Zippedydoodah Zippedyeyyy 
Welcome, welcome, welcome you beautiful little Cricket you are such a lucky doggy to be living with Lady, Mo and her Villan, enjoy your lovely new life, lucky poo


----------



## Nanci (Mar 1, 2012)

LOVE LOVE LOVE that name!!! How adorable is she!! Congratulations . . . I'm jealous!!!


----------



## Lexi&Beemer (May 5, 2013)

Marzi said:


> Now all Mo needs to do is call Lady and _Give a little whistle_



Or Crickets nickname could be "My Fair" so all Mo has to do is call out "My Fair Lady" and she'd get two poos at once. 

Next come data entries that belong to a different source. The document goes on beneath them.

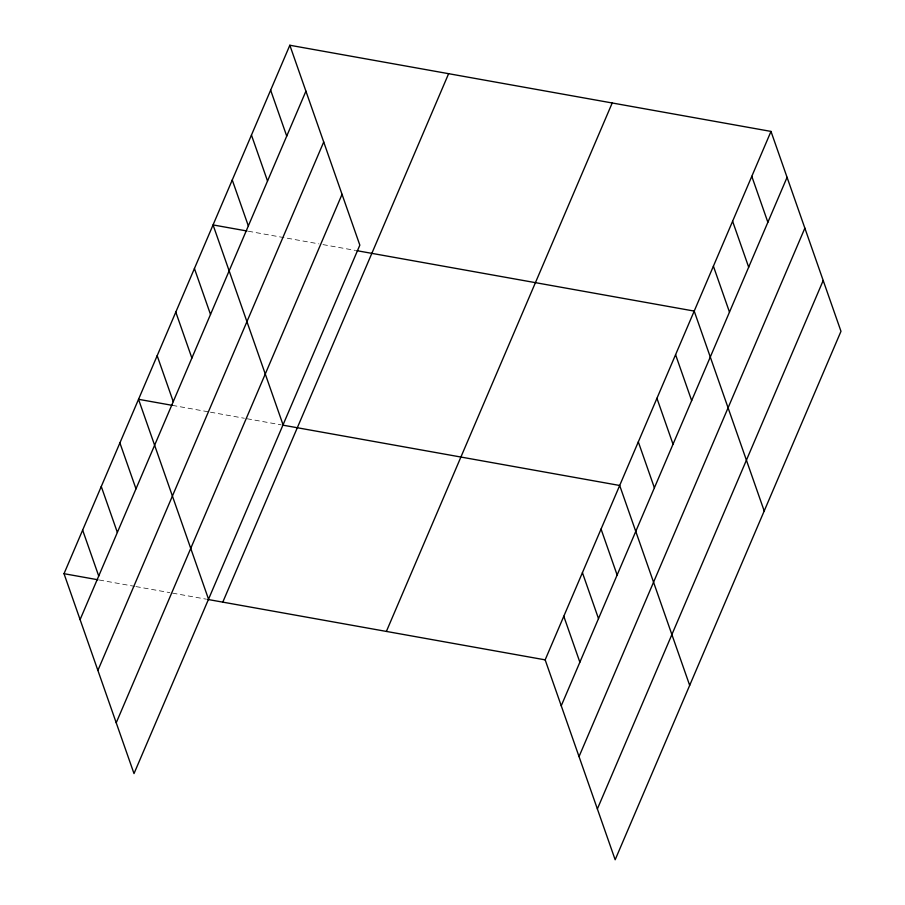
<?xml version="1.0" encoding="UTF-8"?>
<svg xmlns="http://www.w3.org/2000/svg" width="905" height="905" viewBox="0 0 905 905"><rect width="100%" height="100%" fill="white"/><g stroke="black" fill="none" stroke-linecap="round" stroke-linejoin="round"><path stroke-width="0.68" stroke-dasharray="4.53 3.39" d="M248.343 231.239L318.911 243.875M322.983 244.61L355.552 250.436M172.459 405.383L209.1 411.945M210.458 412.194L244.384 418.268M247.099 418.755L281.025 424.83M99.301 580.015L134.585 586.338M135.942 586.576L169.869 592.651M172.584 593.137L206.51 599.212"/><path stroke-width="1.36" d="M289.838 45.25L359.839 245.142L134.008 773.583L64.017 573.691L289.838 45.25L770.992 131.417L840.983 331.309L615.162 859.75L545.161 659.858L770.992 131.417M80.093 619.62L305.924 91.179M97.887 670.424L323.719 141.983M116.225 722.778L342.045 194.326M222.788 602.13L448.62 73.69M386.378 631.43L612.21 102.978M561.247 705.787L787.067 177.346M579.03 756.591L804.862 228.151M597.368 808.946L823.199 280.493M246.986 231.001L213.06 224.926L283.061 424.807M356.909 250.685L694.203 311.082L764.205 510.974M172.459 405.383L138.533 399.309L208.535 599.201M282.383 425.067L619.687 485.476L689.678 685.368M64.017 573.691L97.944 579.777M207.867 599.461L545.161 659.858M751.795 176.339L767.87 222.257M732.598 221.25L748.684 267.179M713.4 266.172L729.487 312.101M675.571 354.681L691.658 400.61M656.94 398.279L673.026 444.208M638.308 441.878L654.394 487.806M601.056 529.074L617.131 575.003M582.424 572.673L598.499 618.59M563.792 616.26L579.867 662.189M270.64 90.172L286.727 136.089M251.454 135.083L267.529 181.011M232.257 180.005L248.343 225.933M194.428 268.514L210.514 314.442M175.796 312.112L191.883 358.041M157.165 355.71L173.251 401.639M119.901 442.907L135.988 488.836M101.27 486.505L117.356 532.423M82.638 530.104L98.724 576.021"/></g></svg>
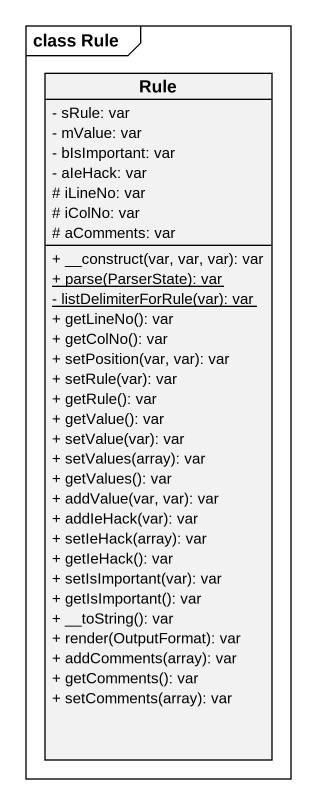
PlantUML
@startuml
mainframe class Rule
hide circle
hide empty members
skinparam classAttributeIconSize 0
class Rule {
  - sRule: var
  - mValue: var
  - bIsImportant: var
  - aIeHack: var
  # iLineNo: var
  # iColNo: var
  # aComments: var
  + __construct(var, var, var): var
  {static} + parse(ParserState): var
  {static} - listDelimiterForRule(var): var
  + getLineNo(): var
  + getColNo(): var
  + setPosition(var, var): var
  + setRule(var): var
  + getRule(): var
  + getValue(): var
  + setValue(var): var
  + setValues(array): var
  + getValues(): var
  + addValue(var, var): var
  + addIeHack(var): var
  + setIeHack(array): var
  + getIeHack(): var
  + setIsImportant(var): var
  + getIsImportant(): var
  + __toString(): var
  + render(OutputFormat): var
  + addComments(array): var
  + getComments(): var
  + setComments(array): var
}
@enduml

Sent from my iPad using Tapatalk


----------



## JoJo (Mar 2, 2011)

Yippy lots of excited members about Mo's puppy news ... more Cricket photos needed Mo. Mo hope Cricket has settled in well and the toilet training is going well, in no time at all she will be ringing those bells just like her clever big sister  Hugs to Lady & Cricket xx


----------



## Woo (Oct 5, 2011)

oohhh what a gorgeous little girly 
Love that name, so different, I bet she is the only poo (or only dog) with that name, and it suits her. 
Lucky you and lucky lady to have a new friend to play with.


----------



## lady amanda (Nov 26, 2010)

I'm glad you all love her name so much....it came to me while playing with her....she is really great about going on the pee pad. We haven't transitioned to outside yet as we ate having awful weather this week. High winds and rain. But she us really good with the pad and its right by the door. 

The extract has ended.